Linear classification involves determining whether a data point should be positively or negatively classified based on a linear function applied to its features. Geometrically, we can imagine a linear classifier inducing a linear decision boundary in d-dimensional real space (ℝᵈ ). Anything on one side of the boundary is positively classified, and anything on the other side is negatively classified. In one-dimensional space, the decision boundary is a threshold (as we saw in the previous article). In two-dimensional space, it's a line dividing the plane. In general, it's a hyperplane.

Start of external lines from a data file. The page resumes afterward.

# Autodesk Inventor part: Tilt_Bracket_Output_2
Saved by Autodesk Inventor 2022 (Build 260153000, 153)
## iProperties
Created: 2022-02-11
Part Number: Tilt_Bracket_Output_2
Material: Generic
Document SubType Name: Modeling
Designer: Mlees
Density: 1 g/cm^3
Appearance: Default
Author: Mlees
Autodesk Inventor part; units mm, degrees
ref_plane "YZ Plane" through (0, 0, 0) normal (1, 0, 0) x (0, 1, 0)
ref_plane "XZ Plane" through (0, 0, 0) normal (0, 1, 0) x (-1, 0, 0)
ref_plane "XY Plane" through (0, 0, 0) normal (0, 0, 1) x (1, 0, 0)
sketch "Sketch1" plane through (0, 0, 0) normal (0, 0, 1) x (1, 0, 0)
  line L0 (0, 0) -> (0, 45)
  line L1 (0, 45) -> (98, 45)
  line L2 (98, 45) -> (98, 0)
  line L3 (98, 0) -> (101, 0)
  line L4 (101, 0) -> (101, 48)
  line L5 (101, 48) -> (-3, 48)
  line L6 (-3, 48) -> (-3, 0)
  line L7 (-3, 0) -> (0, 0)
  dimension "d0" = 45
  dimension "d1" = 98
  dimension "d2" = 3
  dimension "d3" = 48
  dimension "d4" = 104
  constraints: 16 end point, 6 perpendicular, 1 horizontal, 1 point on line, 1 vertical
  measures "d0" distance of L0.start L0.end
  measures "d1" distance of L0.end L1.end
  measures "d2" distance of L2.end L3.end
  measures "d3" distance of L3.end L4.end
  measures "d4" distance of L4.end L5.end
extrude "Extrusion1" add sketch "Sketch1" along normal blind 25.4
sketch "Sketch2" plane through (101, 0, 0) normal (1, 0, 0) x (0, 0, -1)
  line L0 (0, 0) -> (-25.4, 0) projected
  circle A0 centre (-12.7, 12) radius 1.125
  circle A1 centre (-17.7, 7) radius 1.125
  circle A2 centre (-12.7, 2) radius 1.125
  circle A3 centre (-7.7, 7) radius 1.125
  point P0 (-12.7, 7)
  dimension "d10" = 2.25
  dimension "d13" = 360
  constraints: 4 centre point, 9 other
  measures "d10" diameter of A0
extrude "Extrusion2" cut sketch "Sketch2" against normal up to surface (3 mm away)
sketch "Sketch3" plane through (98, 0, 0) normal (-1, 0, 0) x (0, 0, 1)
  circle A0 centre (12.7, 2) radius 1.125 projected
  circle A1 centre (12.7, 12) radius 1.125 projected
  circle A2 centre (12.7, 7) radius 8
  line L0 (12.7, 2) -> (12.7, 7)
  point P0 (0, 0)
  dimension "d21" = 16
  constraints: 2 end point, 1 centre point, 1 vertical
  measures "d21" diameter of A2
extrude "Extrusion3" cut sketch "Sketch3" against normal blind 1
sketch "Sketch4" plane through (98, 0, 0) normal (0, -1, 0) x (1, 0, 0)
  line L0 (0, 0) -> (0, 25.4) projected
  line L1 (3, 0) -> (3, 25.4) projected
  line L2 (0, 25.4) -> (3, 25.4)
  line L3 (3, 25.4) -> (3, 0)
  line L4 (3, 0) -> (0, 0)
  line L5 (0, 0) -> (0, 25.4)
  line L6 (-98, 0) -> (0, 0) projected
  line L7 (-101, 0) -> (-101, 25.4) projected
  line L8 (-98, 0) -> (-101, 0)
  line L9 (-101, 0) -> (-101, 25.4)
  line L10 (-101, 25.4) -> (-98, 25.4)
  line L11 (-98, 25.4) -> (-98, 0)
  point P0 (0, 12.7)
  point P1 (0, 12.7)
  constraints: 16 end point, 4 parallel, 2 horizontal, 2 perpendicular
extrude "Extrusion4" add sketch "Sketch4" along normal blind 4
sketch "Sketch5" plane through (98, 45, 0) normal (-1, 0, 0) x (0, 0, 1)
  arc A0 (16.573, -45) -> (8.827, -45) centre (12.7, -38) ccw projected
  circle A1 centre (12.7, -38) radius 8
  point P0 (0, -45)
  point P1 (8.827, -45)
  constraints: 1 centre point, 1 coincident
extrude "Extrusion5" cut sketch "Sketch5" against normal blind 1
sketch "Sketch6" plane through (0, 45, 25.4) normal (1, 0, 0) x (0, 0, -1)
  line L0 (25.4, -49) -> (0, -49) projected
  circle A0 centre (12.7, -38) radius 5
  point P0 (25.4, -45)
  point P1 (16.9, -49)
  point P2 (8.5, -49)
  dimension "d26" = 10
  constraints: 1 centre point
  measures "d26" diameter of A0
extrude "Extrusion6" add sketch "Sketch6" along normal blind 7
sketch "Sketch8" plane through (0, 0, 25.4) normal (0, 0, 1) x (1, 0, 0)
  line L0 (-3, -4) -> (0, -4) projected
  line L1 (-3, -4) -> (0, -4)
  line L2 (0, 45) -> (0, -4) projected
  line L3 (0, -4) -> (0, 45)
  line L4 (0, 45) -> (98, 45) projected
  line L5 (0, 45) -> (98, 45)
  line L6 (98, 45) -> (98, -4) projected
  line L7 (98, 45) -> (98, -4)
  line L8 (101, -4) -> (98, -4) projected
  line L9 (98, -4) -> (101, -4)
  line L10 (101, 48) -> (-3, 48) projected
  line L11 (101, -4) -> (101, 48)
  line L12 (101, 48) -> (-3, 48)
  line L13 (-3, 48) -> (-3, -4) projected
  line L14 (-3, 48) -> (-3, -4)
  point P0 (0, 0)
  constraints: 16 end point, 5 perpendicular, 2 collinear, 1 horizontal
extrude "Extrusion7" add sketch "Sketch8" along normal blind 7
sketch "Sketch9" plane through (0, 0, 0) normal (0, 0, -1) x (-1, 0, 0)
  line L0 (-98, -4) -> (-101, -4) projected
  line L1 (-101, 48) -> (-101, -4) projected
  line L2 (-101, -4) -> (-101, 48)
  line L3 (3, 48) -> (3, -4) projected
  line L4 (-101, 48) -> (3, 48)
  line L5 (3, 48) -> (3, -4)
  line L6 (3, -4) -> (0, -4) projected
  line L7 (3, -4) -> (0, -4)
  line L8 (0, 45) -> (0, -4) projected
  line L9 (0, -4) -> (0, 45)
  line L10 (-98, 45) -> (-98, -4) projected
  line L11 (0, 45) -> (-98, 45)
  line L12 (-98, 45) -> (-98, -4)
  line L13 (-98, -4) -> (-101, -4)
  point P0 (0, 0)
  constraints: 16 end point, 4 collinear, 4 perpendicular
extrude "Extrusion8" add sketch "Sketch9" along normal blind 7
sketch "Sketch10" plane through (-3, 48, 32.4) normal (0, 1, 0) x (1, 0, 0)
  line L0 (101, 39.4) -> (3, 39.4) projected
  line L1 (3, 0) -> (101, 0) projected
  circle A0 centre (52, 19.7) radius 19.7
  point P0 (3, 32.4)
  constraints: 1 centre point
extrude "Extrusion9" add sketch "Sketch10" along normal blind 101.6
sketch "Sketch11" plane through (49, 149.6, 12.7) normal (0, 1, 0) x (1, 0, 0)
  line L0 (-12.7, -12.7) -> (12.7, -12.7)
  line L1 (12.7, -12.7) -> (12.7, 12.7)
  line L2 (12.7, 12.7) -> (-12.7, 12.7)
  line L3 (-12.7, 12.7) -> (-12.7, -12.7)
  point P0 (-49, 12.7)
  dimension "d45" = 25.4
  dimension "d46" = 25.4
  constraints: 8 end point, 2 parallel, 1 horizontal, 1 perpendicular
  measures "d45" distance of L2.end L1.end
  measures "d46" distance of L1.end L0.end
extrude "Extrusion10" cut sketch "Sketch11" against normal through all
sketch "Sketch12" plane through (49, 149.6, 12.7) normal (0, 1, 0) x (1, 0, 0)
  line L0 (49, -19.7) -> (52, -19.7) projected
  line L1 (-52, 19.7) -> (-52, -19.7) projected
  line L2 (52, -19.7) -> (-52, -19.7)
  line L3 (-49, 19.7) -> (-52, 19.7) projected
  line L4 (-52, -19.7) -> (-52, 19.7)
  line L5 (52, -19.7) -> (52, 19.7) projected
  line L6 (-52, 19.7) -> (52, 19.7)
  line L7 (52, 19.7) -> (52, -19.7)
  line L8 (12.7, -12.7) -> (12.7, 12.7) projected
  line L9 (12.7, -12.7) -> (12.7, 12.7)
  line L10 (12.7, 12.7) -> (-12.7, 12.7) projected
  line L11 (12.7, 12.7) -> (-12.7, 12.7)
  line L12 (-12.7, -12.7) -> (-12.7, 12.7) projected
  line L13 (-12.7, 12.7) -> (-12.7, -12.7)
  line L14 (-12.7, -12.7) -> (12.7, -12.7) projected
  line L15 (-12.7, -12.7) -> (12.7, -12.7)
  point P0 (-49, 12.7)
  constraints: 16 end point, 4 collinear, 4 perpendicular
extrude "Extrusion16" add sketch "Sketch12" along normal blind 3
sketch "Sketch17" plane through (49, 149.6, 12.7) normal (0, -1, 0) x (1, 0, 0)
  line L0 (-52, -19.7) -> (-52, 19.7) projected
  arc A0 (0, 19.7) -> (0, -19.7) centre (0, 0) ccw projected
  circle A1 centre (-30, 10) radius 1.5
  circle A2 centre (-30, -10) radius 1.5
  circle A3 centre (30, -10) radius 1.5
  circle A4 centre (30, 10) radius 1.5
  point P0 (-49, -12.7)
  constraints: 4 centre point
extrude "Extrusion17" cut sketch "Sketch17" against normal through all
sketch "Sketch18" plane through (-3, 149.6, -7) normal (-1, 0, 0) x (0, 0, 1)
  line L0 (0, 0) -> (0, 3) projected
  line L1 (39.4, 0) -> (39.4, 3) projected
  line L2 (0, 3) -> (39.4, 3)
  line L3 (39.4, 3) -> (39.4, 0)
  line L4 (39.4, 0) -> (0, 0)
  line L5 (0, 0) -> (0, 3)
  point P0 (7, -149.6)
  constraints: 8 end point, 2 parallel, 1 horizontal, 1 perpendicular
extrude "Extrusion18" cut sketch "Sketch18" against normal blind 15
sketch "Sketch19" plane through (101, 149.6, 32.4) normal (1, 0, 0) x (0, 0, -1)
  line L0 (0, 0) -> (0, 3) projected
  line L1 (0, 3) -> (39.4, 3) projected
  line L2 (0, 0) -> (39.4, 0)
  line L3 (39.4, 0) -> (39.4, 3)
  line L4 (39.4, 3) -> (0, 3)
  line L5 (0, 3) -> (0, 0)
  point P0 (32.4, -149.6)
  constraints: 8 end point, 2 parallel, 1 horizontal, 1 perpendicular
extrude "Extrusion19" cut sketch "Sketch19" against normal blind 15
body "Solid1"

In canonical binary classification, the VC dimension of the hypothesis class comprising all linear classifiers in ℝᵈ is d + 1, which is finite. For example, for d = 2 (linear classifiers in ℝ²), the VC dimension is 3. The Fundamental Theorem of Statistical Learning dictates that canonical linear classification is therefore PAC learnable.⁽¹⁾
Intuitively, we might expect the same conclusion to hold for the strategic analog of the problem. After all, linear classifiers are some of the simplest classifiers there are, and reasoning about them can be rather natural.⁽²⁾
However, that simplicity goes out the window as soon as we throw instance-wise cost functions into the mix. As we will prove:
_Given a strategic linear classification problem Sᴛʀᴀᴄ⟨H, R, c⟩, there exists an instance-wise cost function **c(z; x) = ℓₓ(z – x)** such that SVC(H, R, c) =_ ∞.
In other words, using the Fundamental Theorem of Strategic Learning, we find that linear classification in a strategic setting equipped with an instance-wise cost function is not generally PAC learnable. Interestingly, it will not be PAC learnable even if we strip away as much complexity as we can. In this case, we will do so by focusing on strategic linear classification on the Cartesian plane ( X ⊆ ℝ²) with the homogeneous preference class (R = { 1 }).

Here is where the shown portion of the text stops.